1. What is the concept of non-degeneracy of critical points?

The non-degeneracy of critical points refers to a property of a critical point in a mathematical function where the Hessian matrix, which represents the second-order derivatives of the function, is non-singular at that point. In simpler terms, it means that the critical point is not a point of inflection and has a distinct and unique curvature, making it a true maximum, minimum, or saddle point.

2. Why is non-degeneracy of critical points important in optimization problems?

In optimization problems, the goal is to find the maximum or minimum value of a function. Non-degeneracy of critical points ensures that the critical points found are actual extrema and not just points of inflection.
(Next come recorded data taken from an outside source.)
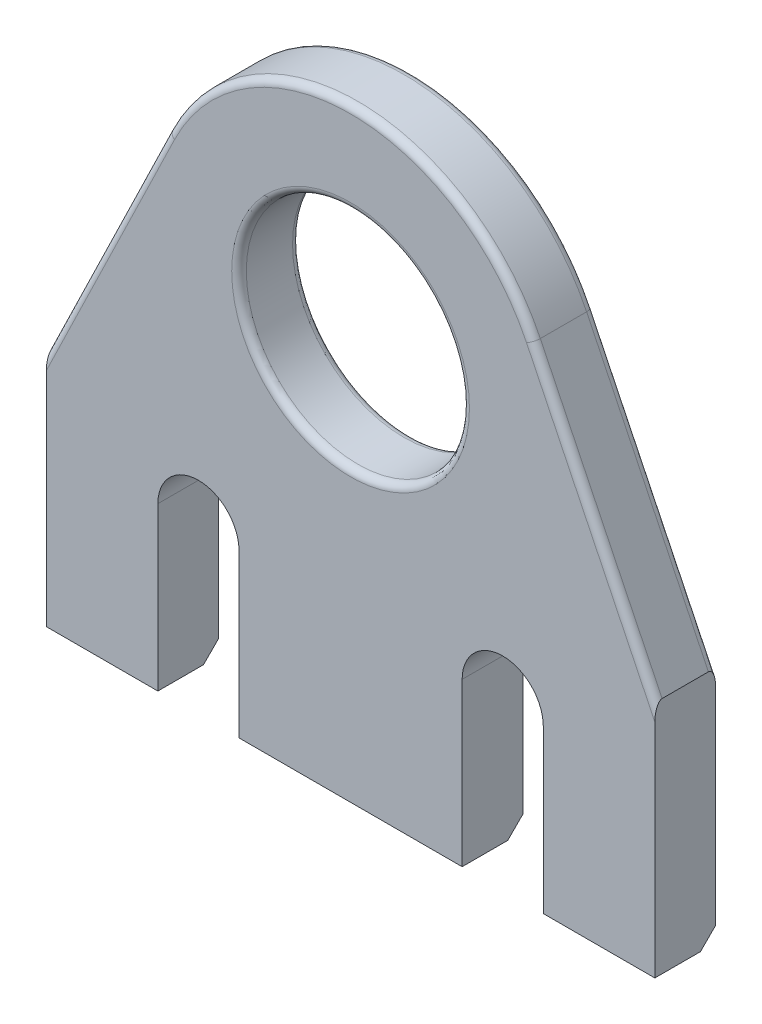
SolidWorks part; units mm, degrees
ref_plane "front" through (0, 0, 0) normal (0, 0, 1) x (1, 0, 0)
ref_plane "top" through (0, 0, 0) normal (0, 1, 0) x (1, 0, 0)
ref_plane "right" through (0, 0, 0) normal (1, 0, 0) x (0, 0, -1)
sketch "Sketch1" plane through (0, 0, 0) normal (0, 0, 1) x (1, 0, 0)
  line L0 (0, 0) -> (0, -50.8) construction
  line L1 (-47.625, -74.6252) -> (-47.625, -142.2683) construction
  line L2 (-60.325, -74.6252) -> (-60.325, -125.4252)
  line L3 (-34.925, -74.6252) -> (-34.925, -125.4252)
  line L4 (-60.325, -125.4252) -> (-95.25, -125.4252)
  line L5 (60.325, -125.4252) -> (95.25, -125.4252)
  line L6 (34.925, -74.6252) -> (34.925, -125.4252)
  line L7 (60.325, -74.6252) -> (60.325, -125.4252)
  line L8 (-34.925, -125.4252) -> (34.925, -125.4252)
  line L9 (-95.25, -125.4252) -> (-95.25, -50.8)
  line L10 (-95.25, -50.8) -> (-57.124, 27.7326)
  line L11 (95.25, -50.8) -> (57.124, 27.7326)
  line L12 (95.25, -125.4252) -> (95.25, -50.8)
  circle A0 centre (0, 0) radius 34.925
  arc A1 (57.124, 27.7326) -> (-57.124, 27.7326) centre (0, 0) ccw
  arc A2 (-34.925, -74.6252) -> (-60.325, -74.6252) centre (-47.625, -74.6252) ccw
  arc A3 (34.925, -74.6252) -> (60.325, -74.6252) centre (47.625, -74.6252) cw
  point P25 (-95.25, -50.8)
  point P28 (95.25, -50.8)
  dimension "D3" = 12.7
  dimension "D5" = 190.5
  dimension "D6" = 69.85
  dimension "D7" = 63.5
  dimension "D8" = 74.6252
  dimension "D10" = 15.875
  dimension "D4" = 63.5
  dimension "D2" = 47.625
  dimension "D9" = 50.8
extrude "Extrude1" add sketch "Sketch1" against normal blind 19.05
ref_plane "locate" through (0, -50.8, 0) normal (0, -1, 0) x (1, 0, 0)
chamfer "Chamfer3" distance 4.7752 angle 45 3 edges at (77.7875, -125.4252, -19.05) (0, -125.4252, -19.05) (-77.7875, -125.4252, -19.05)
fillet "Fillet1" radius 2.286 8 edges at (76.187, -11.5337, 0) (-76.187, -11.5337, 0) (76.187, -11.5337, -19.05) (-76.187, -11.5337, -19.05) (34.925, 0, 0) (34.925, 0, -19.05) (0, 63.5, 0) (0, 63.5, -19.05)
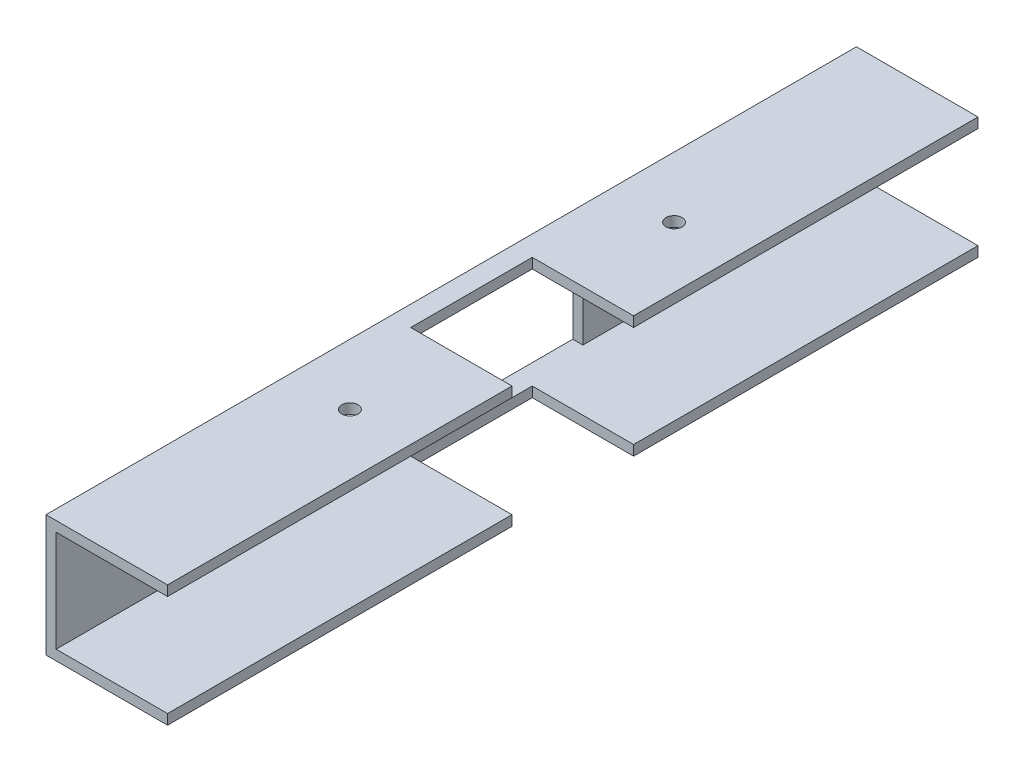
SolidWorks part; units mm, degrees
ref_plane "Front Plane" through (0, 0, 0) normal (0, 0, 1) x (1, 0, 0)
ref_plane "Top Plane" through (0, 0, 0) normal (0, 1, 0) x (1, 0, 0)
ref_plane "Right Plane" through (0, 0, 0) normal (1, 0, 0) x (0, 0, -1)
sketch "Sketch1" plane through (0, 0, 0) normal (0, 0, 1) x (1, 0, 0)
  line L0 (19.05, 19.05) -> (-19.05, 19.05)
  line L1 (-19.05, 19.05) -> (-19.05, -19.05)
  line L2 (-19.05, -19.05) -> (19.05, -19.05)
  line L3 (19.05, 15.875) -> (-15.875, 15.875)
  line L4 (-15.875, 15.875) -> (-15.875, -15.875)
  line L5 (-15.875, -15.875) -> (19.05, -15.875)
  line L6 (19.05, 19.05) -> (19.05, 15.875)
  line L7 (19.05, -15.875) -> (19.05, -19.05)
  line L8 (19.05, -19.05) -> (19.2107, -19.0871)
  dimension "D1" = 38.1
  dimension "D3" = 19.05
  dimension "D4" = 19.05
  dimension "D2" = 3.175
extrude "Boss-Extrude1" add sketch "Sketch1" along normal mid plane 254 contours L7 L5 L4 L3 L6 L0 L1 L2
sketch "Sketch2" plane through (0, 19.05, 0) normal (0, 1, 0) x (1, 0, 0)
  line L0 (19.05, -127) -> (19.05, 127) construction
  line L1 (19.05, 19.05) -> (-12.7, 19.05)
  line L2 (19.05, 19.05) -> (19.05, -19.05)
  line L3 (19.05, -19.05) -> (-12.7, -19.05)
  line L4 (-12.7, 19.05) -> (-12.7, -19.05)
  line L6 (-20.955, 0) -> (20.955, 0) construction
  point P6 (-12.7, 0)
  dimension "D1" = 38.1
  dimension "D2" = 31.75
extrude "Cut-Extrude1" cut sketch "Sketch2" against normal through all
sketch "Sketch3" plane through (-19.05, 0, 0) normal (-1, 0, 0) x (0, 0, 1)
  line L0 (127, 19.05) -> (-127, 19.05) construction
  line L1 (-38.1, 15.875) -> (38.1, 15.875)
  line L2 (-38.1, 15.875) -> (-38.1, -15.875)
  line L3 (-38.1, -15.875) -> (38.1, -15.875)
  line L4 (38.1, 15.875) -> (38.1, -15.875)
  dimension "D1" = 76.2
  dimension "D2" = 31.75
  dimension "D3" = 3.175
  dimension "D4" = 19.05
extrude "Cut-Extrude2" cut sketch "Sketch3" against normal through all
sketch "Sketch4" plane through (0, 19.05, 0) normal (0, 1, 0) x (1, 0, 0)
  line L0 (-12.7, -19.05) -> (19.05, -19.05) construction
  circle A0 centre (0, -50.8) radius 2.54
  dimension "D1" = 31.75
extrude "Cut-Extrude3" cut sketch "Sketch4" against normal up to next
mirror "Mirror1" about plane through (0, 0, 0) normal (0, 0, 1) of "Cut-Extrude3"

This is crucial in accurately determining the optimal solution for a given problem.

3. What conditions must be satisfied for a critical point to be non-degenerate?

For a critical point to be non-degenerate, the Hessian matrix at that point must be non-singular, meaning that its determinant is non-zero. This ensures that the second-order derivatives of the function exist and have a unique curvature at that point.

4. Can a critical point be non-degenerate in one direction but degenerate in another?

Yes, it is possible for a critical point to be non-degenerate in one direction but degenerate in another. This occurs when the Hessian matrix is singular in one direction but non-singular in another. In such cases, the critical point is considered non-degenerate overall.

5. How is the non-degeneracy of critical points determined in practice?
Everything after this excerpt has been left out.